Colgan Chronicles Interview




CC: Cory, you are known throughout Canada for your expertise in the matter of diet, exercise and nutritional strategies to attain both peak physical as well as mental performance. Simply put, what are the key components to optimum health?

CH: To achieve optimum health, one must first recognize what it is. I encourage people to compare themselves to performance and health standards set by natural athletes, which exemplify much better standards to live by than national averages. Begin with a fitness test, which measure’s your heart rate, blood pressure, body composition, muscle strength, muscle endurance, flexibility and vital capacity. In addition to an annual fitness assessment, I also recommend a comprehensive review of diet and lifestyle, certain blood tests, a hair analysis and a chiropractic assessment.

Optimum health is much more than just the absence of disease. It is also the presence of excellent function and implies a high natural resistance against infection, disease and degeneration. True health denotes a persona of energy and enthusiasm. It allows us to adapt to change and stress without significant damage and can be measured by our ability to perform well in all areas of life. Optimum health provides us with the insight necessary to define our goals and the motivation required to achieve them. It also means we are unimpeded by limitations created by self-imposed negative thinking or poor lifestyle choices.

There are ten fundamental prerequisites, which I acknowledge as essential to the process of achieving optimum health, keeping in mind that success lies within the journey, not the destination. Described as my Recipe For Health, they include clean air, pure water, fresh juice, whole foods, natural light, physical exercise, personal hygiene, periodic cleansing, adequate rest and sleep and nutritional supplements.

CC: As a major influence on athletic performance, you have developed a model or foundation of nourishment which is based on the consumption of both dietary supplements and whole foods. Would you elaborate please?

CH: I fashioned The Athlete's Food Pyramid to serve as a nutrition guideline for both performance and health with one important distinction. Health is first and foremost. By improving all aspects of health, you automatically improve performance, but you can enhance performance at the expense of health. This is antithetic to my philosophy and contradicts the ethics of both functional medicine and sport.

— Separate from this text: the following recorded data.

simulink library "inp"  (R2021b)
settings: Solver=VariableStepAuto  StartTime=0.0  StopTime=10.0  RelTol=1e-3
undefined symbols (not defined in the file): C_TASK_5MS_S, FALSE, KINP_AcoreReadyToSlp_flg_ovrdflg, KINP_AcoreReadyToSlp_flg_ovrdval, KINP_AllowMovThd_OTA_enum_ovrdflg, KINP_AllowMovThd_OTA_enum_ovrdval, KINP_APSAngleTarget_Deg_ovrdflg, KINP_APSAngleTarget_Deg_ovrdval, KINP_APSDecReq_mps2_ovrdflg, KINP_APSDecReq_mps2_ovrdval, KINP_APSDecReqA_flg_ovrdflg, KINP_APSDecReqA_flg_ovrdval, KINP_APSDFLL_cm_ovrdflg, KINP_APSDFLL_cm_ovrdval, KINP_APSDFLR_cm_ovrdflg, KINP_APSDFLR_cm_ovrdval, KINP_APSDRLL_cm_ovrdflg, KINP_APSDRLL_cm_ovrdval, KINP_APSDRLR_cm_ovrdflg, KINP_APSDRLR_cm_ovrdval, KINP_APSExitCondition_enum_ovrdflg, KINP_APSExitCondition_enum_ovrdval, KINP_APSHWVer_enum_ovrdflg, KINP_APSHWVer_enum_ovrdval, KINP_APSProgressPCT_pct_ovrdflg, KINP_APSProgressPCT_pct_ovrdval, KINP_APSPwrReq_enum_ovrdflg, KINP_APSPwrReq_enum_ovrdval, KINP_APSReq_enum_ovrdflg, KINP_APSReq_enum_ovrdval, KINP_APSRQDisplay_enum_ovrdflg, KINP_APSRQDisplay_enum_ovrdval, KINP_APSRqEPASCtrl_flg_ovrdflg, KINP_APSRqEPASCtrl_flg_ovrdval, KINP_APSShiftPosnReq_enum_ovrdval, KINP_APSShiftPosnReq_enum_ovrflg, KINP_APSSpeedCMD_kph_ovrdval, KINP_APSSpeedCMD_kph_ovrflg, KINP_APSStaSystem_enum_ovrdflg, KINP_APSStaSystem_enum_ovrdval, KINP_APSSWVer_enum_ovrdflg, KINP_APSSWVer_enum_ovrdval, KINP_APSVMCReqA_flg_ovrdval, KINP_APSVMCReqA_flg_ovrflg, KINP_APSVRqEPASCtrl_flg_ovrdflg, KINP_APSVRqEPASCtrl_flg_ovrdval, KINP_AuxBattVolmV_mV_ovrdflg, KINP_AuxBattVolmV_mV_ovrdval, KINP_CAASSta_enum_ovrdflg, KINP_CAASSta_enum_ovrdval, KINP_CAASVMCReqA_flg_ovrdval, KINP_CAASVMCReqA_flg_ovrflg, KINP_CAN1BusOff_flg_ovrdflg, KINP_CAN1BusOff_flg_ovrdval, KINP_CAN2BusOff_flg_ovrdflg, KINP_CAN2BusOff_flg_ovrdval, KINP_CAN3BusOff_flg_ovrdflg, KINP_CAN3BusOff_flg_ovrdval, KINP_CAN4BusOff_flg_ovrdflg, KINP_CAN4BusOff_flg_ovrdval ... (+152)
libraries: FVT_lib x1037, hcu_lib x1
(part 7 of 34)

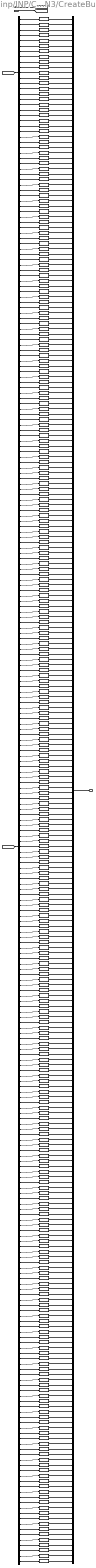
== system inp/INP/CAN3/CreateBus ==
  inp_CanValid_bus : Inport
  inp_Hal_bus : Inport  Port=2
  UnitConverter_{1..23,35,44,63..64,67..75,81..83,87,91..92,102,104..105,107,109,113,115..116,123..125,132..133,135..137,162..164,171..172,174..176,197..201,210..211,213..215,237..238,240..242,251..252,254..256,277..278,283..285,288} (92 alike) : DataTypeConversion  OutDataTypeStr=boolean
  UnitConverter_{26..34,36..43,45..53,58..62,94..97,99..100,110..112,117,126,128..131,139..145,147..148,153..154,161,165,167..170,178..184,186,191..192,202,204,207..209,217..223,225..226,231..232,243,245,248..250,258..266,271..272} (105 alike) : DataTypeConversion  OutDataTypeStr=single
  UnitConverter_{24..25,54..57,65..66,76..80,84..86,88..90,93,98,101,103,106,108,114,118..122,127,134,138,146,149..152,155,158..160,166,173,177,185,187..190,195..196,203,205..206,212,216,224,227..230,233..234,239,244,246..247,253,257,267..270,273..274,279..282,286..287,289..290} (85 alike) : DataTypeConversion  OutDataTypeStr=uint8
  UnitConverter_{156..157,193..194,235..236,275..276} (8 alike) : DataTypeConversion  OutDataTypeStr=uint16
  bus_creator : BusCreator  Inputs=290
  bus_selector : BusSelector  OutputSignals=VINP_CANMsgValidBMS1_flg,VINP_CANMsgValidBMS3_flg,VINP_CANMsgValidBMS4_flg,VINP_CANMsgValidBMS5_flg,VINP_CANMsgValidBMS6_flg,VINP_CANMsgValidBMS8_flg,VINP_CANMsgValidCCU1_flg,VINP_CANMsgValidCCU2_flg,VINP_CANMsgValidEBM1_flg,VINP_CANMsgValidMCUBF1_flg,VINP_CANMsgValidMCUBF2_flg,VINP_CANMsgValidMCUBR1_flg,VINP_CANMsgValidMCUBR2_flg,VINP_CANMsgValidMCUNF1_flg,VINP_CANMsgValidMCUNF2_flg,VINP_CANMsgValidMCUNF3_flg,VINP_CANMsgValidMCUNR1_flg,VINP_CANMsgValidMCUNR2_flg,VINP_CANMsgValidMCUNR3_flg,VINP_CANMsgValidShifter1_flg,VINP_CANMsgValidShifter2_flg
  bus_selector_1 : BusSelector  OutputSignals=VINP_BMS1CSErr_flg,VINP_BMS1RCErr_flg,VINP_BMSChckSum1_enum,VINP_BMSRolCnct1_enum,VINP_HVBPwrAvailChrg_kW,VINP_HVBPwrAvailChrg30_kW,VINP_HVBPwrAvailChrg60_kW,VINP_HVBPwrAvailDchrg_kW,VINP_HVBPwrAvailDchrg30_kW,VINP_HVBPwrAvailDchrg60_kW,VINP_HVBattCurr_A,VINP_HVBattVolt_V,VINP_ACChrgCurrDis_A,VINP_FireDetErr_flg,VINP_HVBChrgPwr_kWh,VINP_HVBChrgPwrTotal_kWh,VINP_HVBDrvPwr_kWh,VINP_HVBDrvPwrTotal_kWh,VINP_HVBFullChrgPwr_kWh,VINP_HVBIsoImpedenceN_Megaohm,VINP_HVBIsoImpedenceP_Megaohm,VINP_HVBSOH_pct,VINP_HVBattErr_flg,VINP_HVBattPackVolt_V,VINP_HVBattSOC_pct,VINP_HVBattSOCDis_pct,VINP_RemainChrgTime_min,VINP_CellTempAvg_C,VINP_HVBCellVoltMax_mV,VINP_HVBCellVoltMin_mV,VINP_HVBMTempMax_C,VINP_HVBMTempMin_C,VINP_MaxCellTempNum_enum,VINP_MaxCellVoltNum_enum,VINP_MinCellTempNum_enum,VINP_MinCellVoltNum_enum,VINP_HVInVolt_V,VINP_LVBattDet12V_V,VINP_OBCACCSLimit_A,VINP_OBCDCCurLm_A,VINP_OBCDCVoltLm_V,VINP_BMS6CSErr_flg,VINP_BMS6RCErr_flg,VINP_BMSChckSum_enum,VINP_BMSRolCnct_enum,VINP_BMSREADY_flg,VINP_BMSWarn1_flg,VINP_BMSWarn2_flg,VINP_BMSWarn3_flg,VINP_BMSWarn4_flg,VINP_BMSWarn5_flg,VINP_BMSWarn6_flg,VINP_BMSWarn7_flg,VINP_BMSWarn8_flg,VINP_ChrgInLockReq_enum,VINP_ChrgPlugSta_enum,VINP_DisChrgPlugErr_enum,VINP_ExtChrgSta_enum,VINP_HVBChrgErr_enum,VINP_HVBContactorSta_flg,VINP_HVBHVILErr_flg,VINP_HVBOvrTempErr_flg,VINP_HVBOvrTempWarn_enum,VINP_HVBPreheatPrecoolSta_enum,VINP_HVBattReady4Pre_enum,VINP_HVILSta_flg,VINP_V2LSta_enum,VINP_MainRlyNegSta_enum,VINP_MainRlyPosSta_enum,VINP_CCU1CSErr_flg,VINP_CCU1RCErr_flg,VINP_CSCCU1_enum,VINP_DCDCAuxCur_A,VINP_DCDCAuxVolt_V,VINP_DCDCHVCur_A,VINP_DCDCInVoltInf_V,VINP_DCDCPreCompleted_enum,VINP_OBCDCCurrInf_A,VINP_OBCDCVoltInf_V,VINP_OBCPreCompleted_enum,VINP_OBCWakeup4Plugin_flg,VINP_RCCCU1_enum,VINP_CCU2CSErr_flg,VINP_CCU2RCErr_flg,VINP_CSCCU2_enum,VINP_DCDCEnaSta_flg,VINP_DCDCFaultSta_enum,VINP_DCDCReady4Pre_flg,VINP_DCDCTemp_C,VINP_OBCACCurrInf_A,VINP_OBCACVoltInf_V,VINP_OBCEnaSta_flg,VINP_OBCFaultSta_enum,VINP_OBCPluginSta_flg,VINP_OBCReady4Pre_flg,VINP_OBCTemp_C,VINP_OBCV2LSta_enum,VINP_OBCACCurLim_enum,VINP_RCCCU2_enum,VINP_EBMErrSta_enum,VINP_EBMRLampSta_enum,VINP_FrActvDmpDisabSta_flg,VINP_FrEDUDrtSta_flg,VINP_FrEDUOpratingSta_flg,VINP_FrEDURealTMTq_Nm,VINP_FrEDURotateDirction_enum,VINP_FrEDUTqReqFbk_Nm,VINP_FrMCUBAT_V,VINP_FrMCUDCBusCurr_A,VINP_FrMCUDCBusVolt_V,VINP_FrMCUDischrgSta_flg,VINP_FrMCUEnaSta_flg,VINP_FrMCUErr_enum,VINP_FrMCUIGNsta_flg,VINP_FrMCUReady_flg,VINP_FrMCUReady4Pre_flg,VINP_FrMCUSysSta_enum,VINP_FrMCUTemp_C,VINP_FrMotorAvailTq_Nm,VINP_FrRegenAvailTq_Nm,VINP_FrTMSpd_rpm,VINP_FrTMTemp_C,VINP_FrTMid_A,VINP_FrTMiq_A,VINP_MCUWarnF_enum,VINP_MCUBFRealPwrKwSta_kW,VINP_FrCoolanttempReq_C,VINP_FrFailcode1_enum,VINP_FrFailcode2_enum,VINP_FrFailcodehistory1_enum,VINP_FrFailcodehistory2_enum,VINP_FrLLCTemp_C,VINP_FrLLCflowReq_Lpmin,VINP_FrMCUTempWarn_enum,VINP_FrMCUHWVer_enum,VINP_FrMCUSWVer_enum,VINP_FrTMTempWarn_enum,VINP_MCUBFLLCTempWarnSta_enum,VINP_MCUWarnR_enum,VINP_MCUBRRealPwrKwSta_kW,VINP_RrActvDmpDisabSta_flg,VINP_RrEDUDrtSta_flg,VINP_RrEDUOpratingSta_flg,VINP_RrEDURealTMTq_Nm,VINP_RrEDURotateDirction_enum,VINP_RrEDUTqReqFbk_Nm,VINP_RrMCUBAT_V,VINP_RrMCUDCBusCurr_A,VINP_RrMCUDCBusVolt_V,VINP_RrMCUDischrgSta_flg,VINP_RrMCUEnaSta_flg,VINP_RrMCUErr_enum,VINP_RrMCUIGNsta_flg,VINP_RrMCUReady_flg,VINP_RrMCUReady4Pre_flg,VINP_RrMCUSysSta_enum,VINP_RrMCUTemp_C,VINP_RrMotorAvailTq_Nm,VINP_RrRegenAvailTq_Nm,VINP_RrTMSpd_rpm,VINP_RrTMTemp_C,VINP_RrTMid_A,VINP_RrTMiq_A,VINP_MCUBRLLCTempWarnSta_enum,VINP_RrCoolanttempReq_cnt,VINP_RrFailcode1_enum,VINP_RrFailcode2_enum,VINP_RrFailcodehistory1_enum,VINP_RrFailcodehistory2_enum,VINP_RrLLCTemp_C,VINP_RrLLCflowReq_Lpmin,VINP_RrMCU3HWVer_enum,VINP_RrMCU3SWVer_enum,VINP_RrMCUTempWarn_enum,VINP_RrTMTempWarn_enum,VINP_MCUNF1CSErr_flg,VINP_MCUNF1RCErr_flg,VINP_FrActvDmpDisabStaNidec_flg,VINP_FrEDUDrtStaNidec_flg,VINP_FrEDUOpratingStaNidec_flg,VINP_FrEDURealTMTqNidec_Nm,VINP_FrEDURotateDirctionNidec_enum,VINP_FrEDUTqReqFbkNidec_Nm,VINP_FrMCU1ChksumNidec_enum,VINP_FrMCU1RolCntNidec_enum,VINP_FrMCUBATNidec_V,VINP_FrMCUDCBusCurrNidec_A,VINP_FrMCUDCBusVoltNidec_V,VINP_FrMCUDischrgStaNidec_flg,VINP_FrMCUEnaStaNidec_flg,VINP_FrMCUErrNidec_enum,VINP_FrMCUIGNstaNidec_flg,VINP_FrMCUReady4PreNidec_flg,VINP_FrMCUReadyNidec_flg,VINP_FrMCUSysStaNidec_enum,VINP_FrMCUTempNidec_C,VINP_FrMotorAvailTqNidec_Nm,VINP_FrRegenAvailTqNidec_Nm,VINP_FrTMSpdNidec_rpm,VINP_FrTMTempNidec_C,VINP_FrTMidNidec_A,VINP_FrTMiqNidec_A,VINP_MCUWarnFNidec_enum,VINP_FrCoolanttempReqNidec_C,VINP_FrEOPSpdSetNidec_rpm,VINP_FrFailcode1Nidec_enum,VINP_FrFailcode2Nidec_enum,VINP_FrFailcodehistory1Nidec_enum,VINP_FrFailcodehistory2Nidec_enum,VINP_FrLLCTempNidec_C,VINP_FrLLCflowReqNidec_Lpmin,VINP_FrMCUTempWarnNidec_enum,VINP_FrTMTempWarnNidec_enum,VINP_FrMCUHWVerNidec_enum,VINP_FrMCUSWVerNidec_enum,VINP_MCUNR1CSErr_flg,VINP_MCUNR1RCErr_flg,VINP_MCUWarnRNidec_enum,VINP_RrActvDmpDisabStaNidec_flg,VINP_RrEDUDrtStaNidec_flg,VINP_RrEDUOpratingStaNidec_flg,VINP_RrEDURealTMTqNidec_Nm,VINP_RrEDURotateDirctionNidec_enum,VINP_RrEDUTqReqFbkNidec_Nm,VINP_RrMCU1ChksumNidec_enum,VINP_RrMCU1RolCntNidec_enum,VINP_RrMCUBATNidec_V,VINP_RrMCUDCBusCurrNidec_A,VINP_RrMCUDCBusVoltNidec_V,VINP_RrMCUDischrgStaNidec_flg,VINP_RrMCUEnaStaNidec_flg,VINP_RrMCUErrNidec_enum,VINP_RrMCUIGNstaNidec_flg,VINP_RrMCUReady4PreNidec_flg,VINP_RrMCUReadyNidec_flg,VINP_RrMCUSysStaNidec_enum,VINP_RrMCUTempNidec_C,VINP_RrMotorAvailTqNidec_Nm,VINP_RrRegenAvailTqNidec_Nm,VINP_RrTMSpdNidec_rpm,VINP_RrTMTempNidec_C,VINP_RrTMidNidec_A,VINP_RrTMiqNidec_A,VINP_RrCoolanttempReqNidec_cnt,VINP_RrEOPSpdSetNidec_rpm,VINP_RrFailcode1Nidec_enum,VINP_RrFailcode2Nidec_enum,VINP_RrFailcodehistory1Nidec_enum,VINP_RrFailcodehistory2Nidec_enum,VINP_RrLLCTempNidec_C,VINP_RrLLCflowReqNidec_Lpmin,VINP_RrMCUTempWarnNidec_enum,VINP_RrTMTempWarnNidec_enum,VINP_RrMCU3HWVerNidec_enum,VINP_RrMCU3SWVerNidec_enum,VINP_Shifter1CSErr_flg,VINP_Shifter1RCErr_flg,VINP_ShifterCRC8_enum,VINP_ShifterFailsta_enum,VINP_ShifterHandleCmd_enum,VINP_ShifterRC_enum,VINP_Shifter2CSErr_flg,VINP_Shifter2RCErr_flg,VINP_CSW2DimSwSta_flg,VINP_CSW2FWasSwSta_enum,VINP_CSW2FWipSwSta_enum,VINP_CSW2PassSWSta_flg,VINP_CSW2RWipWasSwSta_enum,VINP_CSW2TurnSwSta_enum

The Athlete’s Food Pyramid is comprised of filtered water, fresh juice, organic vegetables, organic fruits, cultured dairy products (preferably non-pasteurized), low-fat wild tissue proteins, whole grain starches and non-refined fresh live oils. Unlike other pyramids or food guides, it also includes dietary supplements as a foundation. My detailed analysis of thousands of diets and my own athletic experience has convinced me that optimum quantities of micronutrients cannot be achieved through food alone. In twenty years I have yet to find anyone who meets even the DRI (Dietary Reference Intake) standards of every single essential nutrient.

Current worldwide research on athletic performance provides an overwhelming degree of evidence in favor of multiple antioxidant support and the use of high-quality precision food supplements, such as ion-exchanged whey protein or creatine monohydrate. For best results, a traditional evolutionary based diet should be combined with the sophistication and science of engineered supplements.

It’s not one or the other, but the dosages and spectrum of both natural food and dietary supplements should be designed as a strategy relative to the athlete’s objectives, individual biochemistry, training intensity, workout frequency and specific sport. The concept of eating 3 square meals a day from four food groups without distinguishing food quality or biochemical compatibility is simply out of touch with what we presently know.